Publicada por: el redaccionsumarium@gmail.com @sumariumcom

(Editorial El Mundo)- Bueno tío, pues nada, que me voy de vacaciones. Prepárame pasta”. Esta petición se la habría hecho el ex diputado del PP en la Asamblea de Madrid, José Miguel Moreno, al cabecilla de la ‘trama Púnica’, el empresario David Marjaliza, según el sumario judicial. La zafiedad y sensación de impunidad que deja entrever el extracto de la conversación entre ambos nos alumbra sobre el ‘modus operandis’ de esta red de corrupción que vuelve a indignar a una ciudadanía ya hastiada por los infinitos escándalos que han salido a la luz esta legislatura.

Las últimas pesquisas del juez que investiga la ‘trama Púnica’ ofrecen serios indicios de financiación irregular en el PP valenciano, y arrojan luz sobre esta tela de araña organizada para obtener adjudicaciones públicas de forma irregular en distintas regiones españolas -Madrid, Valencia, Murcia y León- a cambio de comisiones de en torno al 3% por contrato para los políticos beneficiarios. Ya hay casi un centenar de imputados, incluido el presunto cerebro, quien fuera ‘número dos’ del PP de Madrid, Francisco Granados, en prisión provisional.

Los ERE de Andalucía o los desfalcos de los Pujol dominaban el debate público y los partidos políticos aseguraban que habían aprendido la lección y que la corrupción ya era algo del pasado.

Pero lo más descorazonador es que se trata de una trama que habría operado casi hasta hoy, es decir, durante la etapa en que casos como la Gürtel, los ERE de Andalucía o los desfalcos de los Pujol dominaban el debate público y los partidos políticos aseguraban que habían aprendido la lección y que la corrupción ya era algo del pasado porque habían puesto en marcha exigentes mecanismos para extirpar la rapiña del sistema. Ahora vemos que no.
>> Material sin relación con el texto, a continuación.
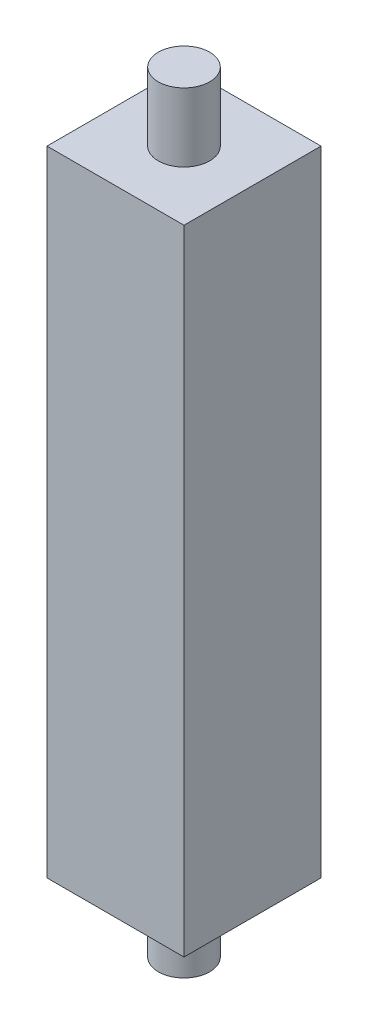
ISO-10303-21;
HEADER;
FILE_DESCRIPTION(('STEP AP214'),'2;1');
FILE_NAME('part.step','',(''),(''),'','','');
FILE_SCHEMA(('AUTOMOTIVE_DESIGN { 1 0 10303 214 1 1 1 1 }'));
ENDSEC;
DATA;
#1=APPLICATION_CONTEXT('core data for automotive mechanical design processes');
#2=APPLICATION_PROTOCOL_DEFINITION('international standard','automotive_design',2000,#1);
#3=PRODUCT_CONTEXT('',#1,'mechanical');
#4=PRODUCT('Part','Part','',(#3));
#5=PRODUCT_RELATED_PRODUCT_CATEGORY('part','',(#4));
#6=PRODUCT_DEFINITION_FORMATION('','',#4);
#7=PRODUCT_DEFINITION_CONTEXT('part definition',#1,'design');
#8=PRODUCT_DEFINITION('design','',#6,#7);
#9=PRODUCT_DEFINITION_SHAPE('','',#8);
#10=(LENGTH_UNIT() NAMED_UNIT(*) SI_UNIT(.MILLI.,.METRE.));
#11=(NAMED_UNIT(*) PLANE_ANGLE_UNIT() SI_UNIT($,.RADIAN.));
#12=(NAMED_UNIT(*) SI_UNIT($,.STERADIAN.) SOLID_ANGLE_UNIT());
#13=UNCERTAINTY_MEASURE_WITH_UNIT(LENGTH_MEASURE(1.E-05),#10,'distance_accuracy_value','');
#14=(GEOMETRIC_REPRESENTATION_CONTEXT(3) GLOBAL_UNCERTAINTY_ASSIGNED_CONTEXT((#13)) GLOBAL_UNIT_ASSIGNED_CONTEXT((#10,
#11,#12)) REPRESENTATION_CONTEXT('',''));
#15=CARTESIAN_POINT('',(0.,0.,0.));
#16=DIRECTION('',(0.,0.,1.));
#17=DIRECTION('',(1.,0.,0.));
#18=AXIS2_PLACEMENT_3D('',#15,#16,#17);
#19=CARTESIAN_POINT('',(20.,185.,-20.));
#20=DIRECTION('',(-1.,0.,0.));
#21=DIRECTION('',(0.,0.,1.));
#22=AXIS2_PLACEMENT_3D('',#19,#20,#21);
#23=PLANE('',#22);
#24=DIRECTION('',(0.,0.,-1.));
#25=VECTOR('',#24,1.);
#26=CARTESIAN_POINT('',(20.,0.,-20.));
#27=LINE('',#26,#25);
#28=CARTESIAN_POINT('',(20.,0.,20.));
#29=VERTEX_POINT('',#28);
#30=CARTESIAN_POINT('',(20.,0.,-20.));
#31=VERTEX_POINT('',#30);
#32=EDGE_CURVE('E112',#29,#31,#27,.T.);
#33=ORIENTED_EDGE('',*,*,#32,.T.);
#34=DIRECTION('',(0.,-1.,0.));
#35=VECTOR('',#34,1.);
#36=CARTESIAN_POINT('',(20.,185.,-20.));
#37=LINE('',#36,#35);
#38=CARTESIAN_POINT('',(20.,185.,-20.));
#39=VERTEX_POINT('',#38);
#40=EDGE_CURVE('E49',#39,#31,#37,.T.);
#41=ORIENTED_EDGE('',*,*,#40,.F.);
#42=DIRECTION('',(0.,0.,-1.));
#43=VECTOR('',#42,1.);
#44=CARTESIAN_POINT('',(20.,185.,-20.));
#45=LINE('',#44,#43);
#46=CARTESIAN_POINT('',(20.,185.,20.));
#47=VERTEX_POINT('',#46);
#48=EDGE_CURVE('E94',#47,#39,#45,.T.);
#49=ORIENTED_EDGE('',*,*,#48,.F.);
#50=DIRECTION('',(0.,-1.,0.));
#51=VECTOR('',#50,1.);
#52=CARTESIAN_POINT('',(20.,185.,20.));
#53=LINE('',#52,#51);
#54=EDGE_CURVE('E108',#47,#29,#53,.T.);
#55=ORIENTED_EDGE('',*,*,#54,.T.);
#56=EDGE_LOOP('',(#33,#41,#49,#55));
#57=FACE_BOUND('',#56,.T.);
#58=ADVANCED_FACE('F39',(#57),#23,.F.);
#59=CARTESIAN_POINT('',(-20.,185.,-20.));
#60=DIRECTION('',(0.,0.,1.));
#61=DIRECTION('',(1.,0.,0.));
#62=AXIS2_PLACEMENT_3D('',#59,#60,#61);
#63=PLANE('',#62);
#64=DIRECTION('',(-1.,0.,0.));
#65=VECTOR('',#64,1.);
#66=CARTESIAN_POINT('',(-20.,0.,-20.));
#67=LINE('',#66,#65);
#68=CARTESIAN_POINT('',(-20.,0.,-20.));
#69=VERTEX_POINT('',#68);
#70=EDGE_CURVE('E100',#31,#69,#67,.T.);
#71=ORIENTED_EDGE('',*,*,#70,.T.);
#72=DIRECTION('',(0.,-1.,0.));
#73=VECTOR('',#72,1.);
#74=CARTESIAN_POINT('',(-20.,185.,-20.));
#75=LINE('',#74,#73);
#76=CARTESIAN_POINT('',(-20.,185.,-20.));
#77=VERTEX_POINT('',#76);
#78=EDGE_CURVE('E98',#77,#69,#75,.T.);
#79=ORIENTED_EDGE('',*,*,#78,.F.);
#80=DIRECTION('',(-1.,0.,0.));
#81=VECTOR('',#80,1.);
#82=CARTESIAN_POINT('',(-20.,185.,-20.));
#83=LINE('',#82,#81);
#84=EDGE_CURVE('E89',#39,#77,#83,.T.);
#85=ORIENTED_EDGE('',*,*,#84,.F.);
#86=ORIENTED_EDGE('',*,*,#40,.T.);
#87=EDGE_LOOP('',(#71,#79,#85,#86));
#88=FACE_BOUND('',#87,.T.);
#89=ADVANCED_FACE('F99',(#88),#63,.F.);
#90=CARTESIAN_POINT('',(-20.,185.,-20.));
#91=DIRECTION('',(1.,0.,0.));
#92=DIRECTION('',(0.,0.,-1.));
#93=AXIS2_PLACEMENT_3D('',#90,#91,#92);
#94=PLANE('',#93);
#95=DIRECTION('',(0.,0.,1.));
#96=VECTOR('',#95,1.);
#97=CARTESIAN_POINT('',(-20.,0.,-20.));
#98=LINE('',#97,#96);
#99=CARTESIAN_POINT('',(-20.,0.,20.));
#100=VERTEX_POINT('',#99);
#101=EDGE_CURVE('E75',#69,#100,#98,.T.);
#102=ORIENTED_EDGE('',*,*,#101,.T.);
#103=DIRECTION('',(0.,-1.,0.));
#104=VECTOR('',#103,1.);
#105=CARTESIAN_POINT('',(-20.,185.,20.));
#106=LINE('',#105,#104);
#107=CARTESIAN_POINT('',(-20.,185.,20.));
#108=VERTEX_POINT('',#107);
#109=EDGE_CURVE('E102',#108,#100,#106,.T.);
#110=ORIENTED_EDGE('',*,*,#109,.F.);
#111=DIRECTION('',(0.,0.,1.));
#112=VECTOR('',#111,1.);
#113=CARTESIAN_POINT('',(-20.,185.,-20.));
#114=LINE('',#113,#112);
#115=EDGE_CURVE('E92',#77,#108,#114,.T.);
#116=ORIENTED_EDGE('',*,*,#115,.F.);
#117=ORIENTED_EDGE('',*,*,#78,.T.);
#118=EDGE_LOOP('',(#102,#110,#116,#117));
#119=FACE_BOUND('',#118,.T.);
#120=ADVANCED_FACE('F104',(#119),#94,.F.);
#121=CARTESIAN_POINT('',(-20.,185.,20.));
#122=DIRECTION('',(0.,0.,-1.));
#123=DIRECTION('',(-1.,0.,0.));
#124=AXIS2_PLACEMENT_3D('',#121,#122,#123);
#125=PLANE('',#124);
#126=DIRECTION('',(1.,0.,0.));
#127=VECTOR('',#126,1.);
#128=CARTESIAN_POINT('',(-20.,0.,20.));
#129=LINE('',#128,#127);
#130=EDGE_CURVE('E81',#100,#29,#129,.T.);
#131=ORIENTED_EDGE('',*,*,#130,.T.);
#132=ORIENTED_EDGE('',*,*,#54,.F.);
#133=DIRECTION('',(1.,0.,0.));
#134=VECTOR('',#133,1.);
#135=CARTESIAN_POINT('',(-20.,185.,20.));
#136=LINE('',#135,#134);
#137=EDGE_CURVE('E58',#108,#47,#136,.T.);
#138=ORIENTED_EDGE('',*,*,#137,.F.);
#139=ORIENTED_EDGE('',*,*,#109,.T.);
#140=EDGE_LOOP('',(#131,#132,#138,#139));
#141=FACE_BOUND('',#140,.T.);
#142=ADVANCED_FACE('F141',(#141),#125,.F.);
#143=CARTESIAN_POINT('',(0.,185.,0.));
#144=DIRECTION('',(0.,1.,0.));
#145=DIRECTION('',(0.,0.,1.));
#146=AXIS2_PLACEMENT_3D('',#143,#144,#145);
#147=PLANE('',#146);
#148=CARTESIAN_POINT('',(0.,185.,0.));
#149=DIRECTION('',(0.,1.,0.));
#150=DIRECTION('',(0.,0.,1.));
#151=AXIS2_PLACEMENT_3D('',#148,#149,#150);
#152=CIRCLE('',#151,7.5);
#153=CARTESIAN_POINT('',(0.,185.,7.5));
#154=VERTEX_POINT('',#153);
#155=EDGE_CURVE('E11',#154,#154,#152,.T.);
#156=ORIENTED_EDGE('',*,*,#155,.F.);
#157=EDGE_LOOP('',(#156));
#158=FACE_BOUND('',#157,.T.);
#159=ORIENTED_EDGE('',*,*,#48,.T.);
#160=ORIENTED_EDGE('',*,*,#84,.T.);
#161=ORIENTED_EDGE('',*,*,#115,.T.);
#162=ORIENTED_EDGE('',*,*,#137,.T.);
#163=EDGE_LOOP('',(#159,#160,#161,#162));
#164=FACE_BOUND('',#163,.T.);
#165=ADVANCED_FACE('F90',(#158,#164),#147,.T.);
#166=CARTESIAN_POINT('',(0.,0.,0.));
#167=DIRECTION('',(0.,1.,0.));
#168=DIRECTION('',(0.,0.,1.));
#169=AXIS2_PLACEMENT_3D('',#166,#167,#168);
#170=PLANE('',#169);
#171=CARTESIAN_POINT('',(0.,0.,0.));
#172=DIRECTION('',(0.,1.,0.));
#173=DIRECTION('',(0.,0.,1.));
#174=AXIS2_PLACEMENT_3D('',#171,#172,#173);
#175=CIRCLE('',#174,7.5);
#176=CARTESIAN_POINT('',(0.,0.,7.5));
#177=VERTEX_POINT('',#176);
#178=EDGE_CURVE('E42',#177,#177,#175,.T.);
#179=ORIENTED_EDGE('',*,*,#178,.T.);
#180=EDGE_LOOP('',(#179));
#181=FACE_BOUND('',#180,.T.);
#182=ORIENTED_EDGE('',*,*,#32,.F.);
#183=ORIENTED_EDGE('',*,*,#130,.F.);
#184=ORIENTED_EDGE('',*,*,#101,.F.);
#185=ORIENTED_EDGE('',*,*,#70,.F.);
#186=EDGE_LOOP('',(#182,#183,#184,#185));
#187=FACE_BOUND('',#186,.T.);
#188=ADVANCED_FACE('F129',(#181,#187),#170,.F.);
#189=CARTESIAN_POINT('',(0.,-20.,0.));
#190=DIRECTION('',(0.,1.,0.));
#191=DIRECTION('',(0.,0.,1.));
#192=AXIS2_PLACEMENT_3D('',#189,#190,#191);
#193=PLANE('',#192);
#194=CARTESIAN_POINT('',(0.,-20.,0.));
#195=DIRECTION('',(0.,1.,0.));
#196=DIRECTION('',(0.,0.,1.));
#197=AXIS2_PLACEMENT_3D('',#194,#195,#196);
#198=CIRCLE('',#197,7.5);
#199=CARTESIAN_POINT('',(0.,-20.,7.5));
#200=VERTEX_POINT('',#199);
#201=EDGE_CURVE('E210',#200,#200,#198,.T.);
#202=ORIENTED_EDGE('',*,*,#201,.F.);
#203=EDGE_LOOP('',(#202));
#204=FACE_BOUND('',#203,.T.);
#205=ADVANCED_FACE('F131',(#204),#193,.F.);
#206=CARTESIAN_POINT('',(0.,-20.,0.));
#207=DIRECTION('',(0.,1.,0.));
#208=DIRECTION('',(0.,0.,1.));
#209=AXIS2_PLACEMENT_3D('',#206,#207,#208);
#210=CYLINDRICAL_SURFACE('',#209,7.5);
#211=ORIENTED_EDGE('',*,*,#201,.T.);
#212=EDGE_LOOP('',(#211));
#213=FACE_BOUND('',#212,.T.);
#214=ORIENTED_EDGE('',*,*,#178,.F.);
#215=EDGE_LOOP('',(#214));
#216=FACE_BOUND('',#215,.T.);
#217=ADVANCED_FACE('F138',(#213,#216),#210,.T.);
#218=ORIENTED_EDGE('',*,*,#155,.T.);
#219=EDGE_LOOP('',(#218));
#220=FACE_BOUND('',#219,.T.);
#221=CARTESIAN_POINT('',(0.,205.,0.));
#222=DIRECTION('',(0.,1.,0.));
#223=DIRECTION('',(0.,0.,1.));
#224=AXIS2_PLACEMENT_3D('',#221,#222,#223);
#225=CIRCLE('',#224,7.5);
#226=CARTESIAN_POINT('',(0.,205.,7.5));
#227=VERTEX_POINT('',#226);
#228=EDGE_CURVE('E207',#227,#227,#225,.T.);
#229=ORIENTED_EDGE('',*,*,#228,.F.);
#230=EDGE_LOOP('',(#229));
#231=FACE_BOUND('',#230,.T.);
#232=ADVANCED_FACE('F182',(#220,#231),#210,.T.);
#233=CARTESIAN_POINT('',(0.,205.,0.));
#234=DIRECTION('',(0.,1.,0.));
#235=DIRECTION('',(0.,0.,1.));
#236=AXIS2_PLACEMENT_3D('',#233,#234,#235);
#237=PLANE('',#236);
#238=ORIENTED_EDGE('',*,*,#228,.T.);
#239=EDGE_LOOP('',(#238));
#240=FACE_BOUND('',#239,.T.);
#241=ADVANCED_FACE('F192',(#240),#237,.T.);
#242=CLOSED_SHELL('',(#58,#89,#120,#142,#165,#188,#205,#217,#232,#241));
#243=MANIFOLD_SOLID_BREP('B2',#242);
#244=ADVANCED_BREP_SHAPE_REPRESENTATION('',(#18,#243),#14);
#245=SHAPE_DEFINITION_REPRESENTATION(#9,#244);
ENDSEC;
END-ISO-10303-21;
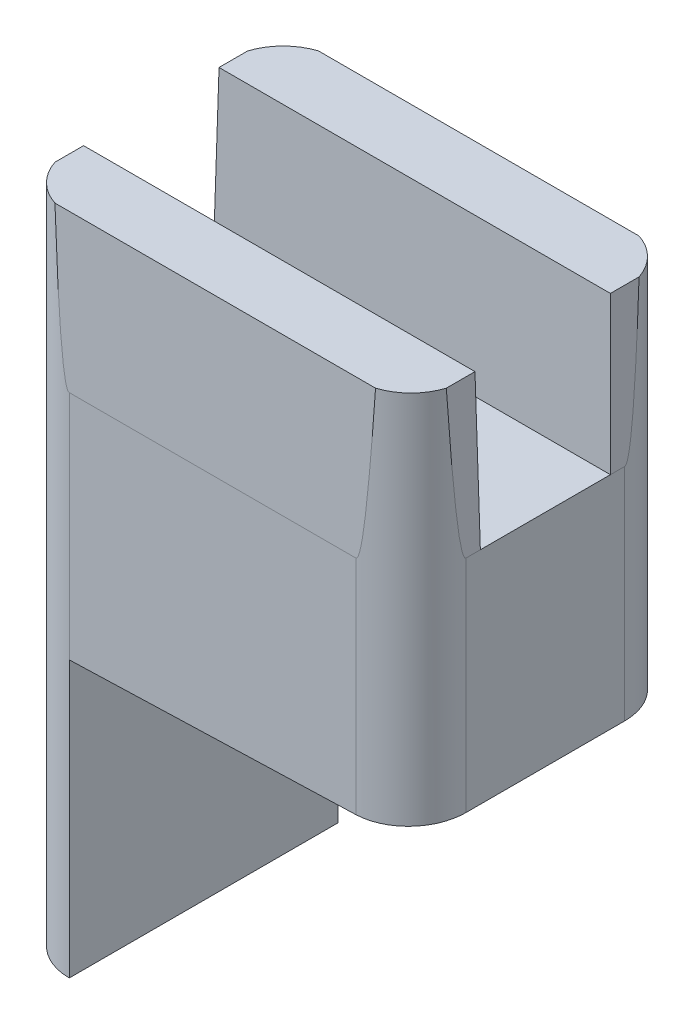
ISO-10303-21;
HEADER;
FILE_DESCRIPTION(('STEP AP214'),'2;1');
FILE_NAME('part.step','',(''),(''),'','','');
FILE_SCHEMA(('AUTOMOTIVE_DESIGN { 1 0 10303 214 1 1 1 1 }'));
ENDSEC;
DATA;
#1=APPLICATION_CONTEXT('core data for automotive mechanical design processes');
#2=APPLICATION_PROTOCOL_DEFINITION('international standard','automotive_design',2000,#1);
#3=PRODUCT_CONTEXT('',#1,'mechanical');
#4=PRODUCT('Part','Part','',(#3));
#5=PRODUCT_RELATED_PRODUCT_CATEGORY('part','',(#4));
#6=PRODUCT_DEFINITION_FORMATION('','',#4);
#7=PRODUCT_DEFINITION_CONTEXT('part definition',#1,'design');
#8=PRODUCT_DEFINITION('design','',#6,#7);
#9=PRODUCT_DEFINITION_SHAPE('','',#8);
#10=(LENGTH_UNIT() NAMED_UNIT(*) SI_UNIT(.MILLI.,.METRE.));
#11=(NAMED_UNIT(*) PLANE_ANGLE_UNIT() SI_UNIT($,.RADIAN.));
#12=(NAMED_UNIT(*) SI_UNIT($,.STERADIAN.) SOLID_ANGLE_UNIT());
#13=UNCERTAINTY_MEASURE_WITH_UNIT(LENGTH_MEASURE(1.E-05),#10,'distance_accuracy_value','');
#14=(GEOMETRIC_REPRESENTATION_CONTEXT(3) GLOBAL_UNCERTAINTY_ASSIGNED_CONTEXT((#13)) GLOBAL_UNIT_ASSIGNED_CONTEXT((#10,
#11,#12)) REPRESENTATION_CONTEXT('',''));
#15=CARTESIAN_POINT('',(0.,0.,0.));
#16=DIRECTION('',(0.,0.,1.));
#17=DIRECTION('',(1.,0.,0.));
#18=AXIS2_PLACEMENT_3D('',#15,#16,#17);
#19=CARTESIAN_POINT('',(0.,46.,24.4));
#20=DIRECTION('',(0.,-1.,0.));
#21=DIRECTION('',(0.,0.,-1.));
#22=AXIS2_PLACEMENT_3D('',#19,#20,#21);
#23=PLANE('',#22);
#24=DIRECTION('',(-1.,0.,0.));
#25=VECTOR('',#24,1.);
#26=CARTESIAN_POINT('',(0.,46.,18.1));
#27=LINE('',#26,#25);
#28=CARTESIAN_POINT('',(36.,46.,18.1));
#29=VERTEX_POINT('',#28);
#30=CARTESIAN_POINT('',(0.,46.,18.1));
#31=VERTEX_POINT('',#30);
#32=EDGE_CURVE('E178',#29,#31,#27,.T.);
#33=ORIENTED_EDGE('',*,*,#32,.F.);
#34=DIRECTION('',(0.,0.,-1.));
#35=VECTOR('',#34,1.);
#36=CARTESIAN_POINT('',(36.,46.,24.4));
#37=LINE('',#36,#35);
#38=CARTESIAN_POINT('',(36.,46.,6.3));
#39=VERTEX_POINT('',#38);
#40=EDGE_CURVE('E235',#29,#39,#37,.T.);
#41=ORIENTED_EDGE('',*,*,#40,.T.);
#42=DIRECTION('',(1.,0.,0.));
#43=VECTOR('',#42,1.);
#44=CARTESIAN_POINT('',(0.,46.,6.3));
#45=LINE('',#44,#43);
#46=CARTESIAN_POINT('',(0.,46.,6.3));
#47=VERTEX_POINT('',#46);
#48=EDGE_CURVE('E194',#47,#39,#45,.T.);
#49=ORIENTED_EDGE('',*,*,#48,.F.);
#50=DIRECTION('',(0.,0.,-1.));
#51=VECTOR('',#50,1.);
#52=CARTESIAN_POINT('',(0.,46.,24.4));
#53=LINE('',#52,#51);
#54=EDGE_CURVE('E226',#31,#47,#53,.T.);
#55=ORIENTED_EDGE('',*,*,#54,.F.);
#56=EDGE_LOOP('',(#33,#41,#49,#55));
#57=FACE_BOUND('',#56,.T.);
#58=ADVANCED_FACE('F41',(#57),#23,.F.);
#59=CARTESIAN_POINT('',(0.,0.,24.4));
#60=DIRECTION('',(1.,0.,0.));
#61=DIRECTION('',(0.,0.,-1.));
#62=AXIS2_PLACEMENT_3D('',#59,#60,#61);
#63=PLANE('',#62);
#64=DIRECTION('',(0.,0.,1.));
#65=VECTOR('',#64,1.);
#66=CARTESIAN_POINT('',(0.,46.,0.));
#67=LINE('',#66,#65);
#68=CARTESIAN_POINT('',(0.,46.,5.));
#69=VERTEX_POINT('',#68);
#70=EDGE_CURVE('E187',#69,#47,#67,.T.);
#71=ORIENTED_EDGE('',*,*,#70,.F.);
#72=DIRECTION('',(0.,-1.,0.));
#73=VECTOR('',#72,1.);
#74=CARTESIAN_POINT('',(0.,0.,5.));
#75=LINE('',#74,#73);
#76=CARTESIAN_POINT('',(0.,0.,5.));
#77=VERTEX_POINT('',#76);
#78=EDGE_CURVE('E290',#69,#77,#75,.T.);
#79=ORIENTED_EDGE('',*,*,#78,.T.);
#80=DIRECTION('',(0.,0.,-1.));
#81=VECTOR('',#80,1.);
#82=CARTESIAN_POINT('',(0.,0.,24.4));
#83=LINE('',#82,#81);
#84=CARTESIAN_POINT('',(0.,0.,19.4));
#85=VERTEX_POINT('',#84);
#86=EDGE_CURVE('E247',#85,#77,#83,.T.);
#87=ORIENTED_EDGE('',*,*,#86,.F.);
#88=DIRECTION('',(0.,-1.,0.));
#89=VECTOR('',#88,1.);
#90=CARTESIAN_POINT('',(0.,0.,19.4));
#91=LINE('',#90,#89);
#92=CARTESIAN_POINT('',(0.,46.,19.4));
#93=VERTEX_POINT('',#92);
#94=EDGE_CURVE('E63',#85,#93,#91,.F.);
#95=ORIENTED_EDGE('',*,*,#94,.T.);
#96=EDGE_CURVE('E233',#93,#31,#53,.T.);
#97=ORIENTED_EDGE('',*,*,#96,.T.);
#98=ORIENTED_EDGE('',*,*,#54,.T.);
#99=EDGE_LOOP('',(#71,#79,#87,#95,#97,#98));
#100=FACE_BOUND('',#99,.T.);
#101=ADVANCED_FACE('F344',(#100),#63,.F.);
#102=CARTESIAN_POINT('',(0.,0.,24.4));
#103=DIRECTION('',(0.,1.,0.));
#104=DIRECTION('',(0.,0.,1.));
#105=AXIS2_PLACEMENT_3D('',#102,#103,#104);
#106=PLANE('',#105);
#107=ORIENTED_EDGE('',*,*,#86,.T.);
#108=CARTESIAN_POINT('',(5.,0.,5.));
#109=DIRECTION('',(0.,1.,0.));
#110=DIRECTION('',(0.,0.,1.));
#111=AXIS2_PLACEMENT_3D('',#108,#109,#110);
#112=CIRCLE('',#111,5.);
#113=CARTESIAN_POINT('',(5.,0.,0.));
#114=VERTEX_POINT('',#113);
#115=EDGE_CURVE('E295',#77,#114,#112,.F.);
#116=ORIENTED_EDGE('',*,*,#115,.T.);
#117=DIRECTION('',(0.,0.,-1.));
#118=VECTOR('',#117,1.);
#119=CARTESIAN_POINT('',(5.,0.,24.4));
#120=LINE('',#119,#118);
#121=CARTESIAN_POINT('',(5.,0.,24.4));
#122=VERTEX_POINT('',#121);
#123=EDGE_CURVE('E244',#122,#114,#120,.T.);
#124=ORIENTED_EDGE('',*,*,#123,.F.);
#125=CARTESIAN_POINT('',(5.,0.,19.4));
#126=DIRECTION('',(0.,1.,0.));
#127=DIRECTION('',(0.,0.,1.));
#128=AXIS2_PLACEMENT_3D('',#125,#126,#127);
#129=CIRCLE('',#128,5.);
#130=EDGE_CURVE('E293',#122,#85,#129,.F.);
#131=ORIENTED_EDGE('',*,*,#130,.T.);
#132=EDGE_LOOP('',(#107,#116,#124,#131));
#133=FACE_BOUND('',#132,.T.);
#134=ADVANCED_FACE('F297',(#133),#106,.F.);
#135=CARTESIAN_POINT('',(5.,0.,24.4));
#136=DIRECTION('',(-1.,0.,0.));
#137=DIRECTION('',(0.,0.,1.));
#138=AXIS2_PLACEMENT_3D('',#135,#136,#137);
#139=PLANE('',#138);
#140=DIRECTION('',(0.,1.,0.));
#141=VECTOR('',#140,1.);
#142=CARTESIAN_POINT('',(5.,0.,0.));
#143=LINE('',#142,#141);
#144=CARTESIAN_POINT('',(5.,25.,0.));
#145=VERTEX_POINT('',#144);
#146=EDGE_CURVE('E204',#114,#145,#143,.T.);
#147=ORIENTED_EDGE('',*,*,#146,.T.);
#148=DIRECTION('',(0.,0.,-1.));
#149=VECTOR('',#148,1.);
#150=CARTESIAN_POINT('',(5.,25.,24.4));
#151=LINE('',#150,#149);
#152=CARTESIAN_POINT('',(5.,25.,24.4));
#153=VERTEX_POINT('',#152);
#154=EDGE_CURVE('E241',#153,#145,#151,.T.);
#155=ORIENTED_EDGE('',*,*,#154,.F.);
#156=DIRECTION('',(0.,1.,0.));
#157=VECTOR('',#156,1.);
#158=CARTESIAN_POINT('',(5.,0.,24.4));
#159=LINE('',#158,#157);
#160=EDGE_CURVE('E217',#122,#153,#159,.T.);
#161=ORIENTED_EDGE('',*,*,#160,.F.);
#162=ORIENTED_EDGE('',*,*,#123,.T.);
#163=EDGE_LOOP('',(#147,#155,#161,#162));
#164=FACE_BOUND('',#163,.T.);
#165=ADVANCED_FACE('F303',(#164),#139,.F.);
#166=CARTESIAN_POINT('',(5.,25.,24.4));
#167=DIRECTION('',(-0.0322412940109581,0.9994801143397,0.));
#168=DIRECTION('',(-0.9994801143397,-0.0322412940109581,0.));
#169=AXIS2_PLACEMENT_3D('',#166,#167,#168);
#170=PLANE('',#169);
#171=DIRECTION('',(0.,0.,-1.));
#172=VECTOR('',#171,1.);
#173=CARTESIAN_POINT('',(36.,26.,24.4));
#174=LINE('',#173,#172);
#175=CARTESIAN_POINT('',(36.,26.,19.4));
#176=VERTEX_POINT('',#175);
#177=CARTESIAN_POINT('',(36.,26.,5.));
#178=VERTEX_POINT('',#177);
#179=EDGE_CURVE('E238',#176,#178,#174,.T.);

La Guardia Civil cree que Marjaliza y su compinche en Valencia, el presunto conseguidor Alejandro de Pedro, obtenían contratos a cambio, entre otras cosas, de financiar la campaña del PP de las recientes elecciones autonómicas y municipales del 24-M.

Aunque el ex presidente valenciano Alberto Fabra, que ayer anunció que dejará la presidencia del PP regional la próxima semana, niega los hechos, los indicios dejan en una situación muy delicada a la formación. Tampoco es fácil el escenario para la actual presidenta madrileña, Cristina Cifuentes, tras conocerse que la ‘red Púnica’ salpica al menos a uno de sus consejeros y a un parlamentario ‘popular’ actual. Cifuentes, que se ha comprometido a ejercitar tolerancia cero con la corrupción, debe implicarse en el esclarecimiento pleno. Igual que Ciudadanos, la formación que le sustenta en el Gobierno regional, salpicado también por la implicación en la ‘Púnica’ de su ‘número tres’ en la Asamblea, Eva Borox.

La corrupción, lejos de ser algo aislado, está incardinada en el corazón mismo de todos los partidos. No puede extrañar así que, según el último sondeo del CIS, sea, sólo tras el paro, el asunto que más preocupa a los españoles. Estamos ante un problema que daña profundamente nuestra democracia, y que tiene mucho que ver tanto con la falta de controles internos en los partidos como con la ausencia de mecanismos eficaces de inspección de sus cuentas, sobre todo en lo que se refiere a las campañas. Las formaciones políticas son maquinarias diseñadas para ganar elecciones que no reparan en gastos para ello, y desgraciadamente son ya demasiados los casos de financiación ilegal con ese fin. En marzo, el Congreso dio luz verde a la Ley de control de la actividad económica de los partidos pergeñada por el Gobierno como medida de choque en plena ebullición del ‘caso Bárcenas’. Pero la norma sigue dejando demasiadas lagunas para impedir el recibo de dinero irregular y faltan verdaderos controles independientes. Estamos ante un verdadero cáncer para nuestro sistema que exige una verdadera catarsis de nuestros partidos, antes de que sea demasiado tarde.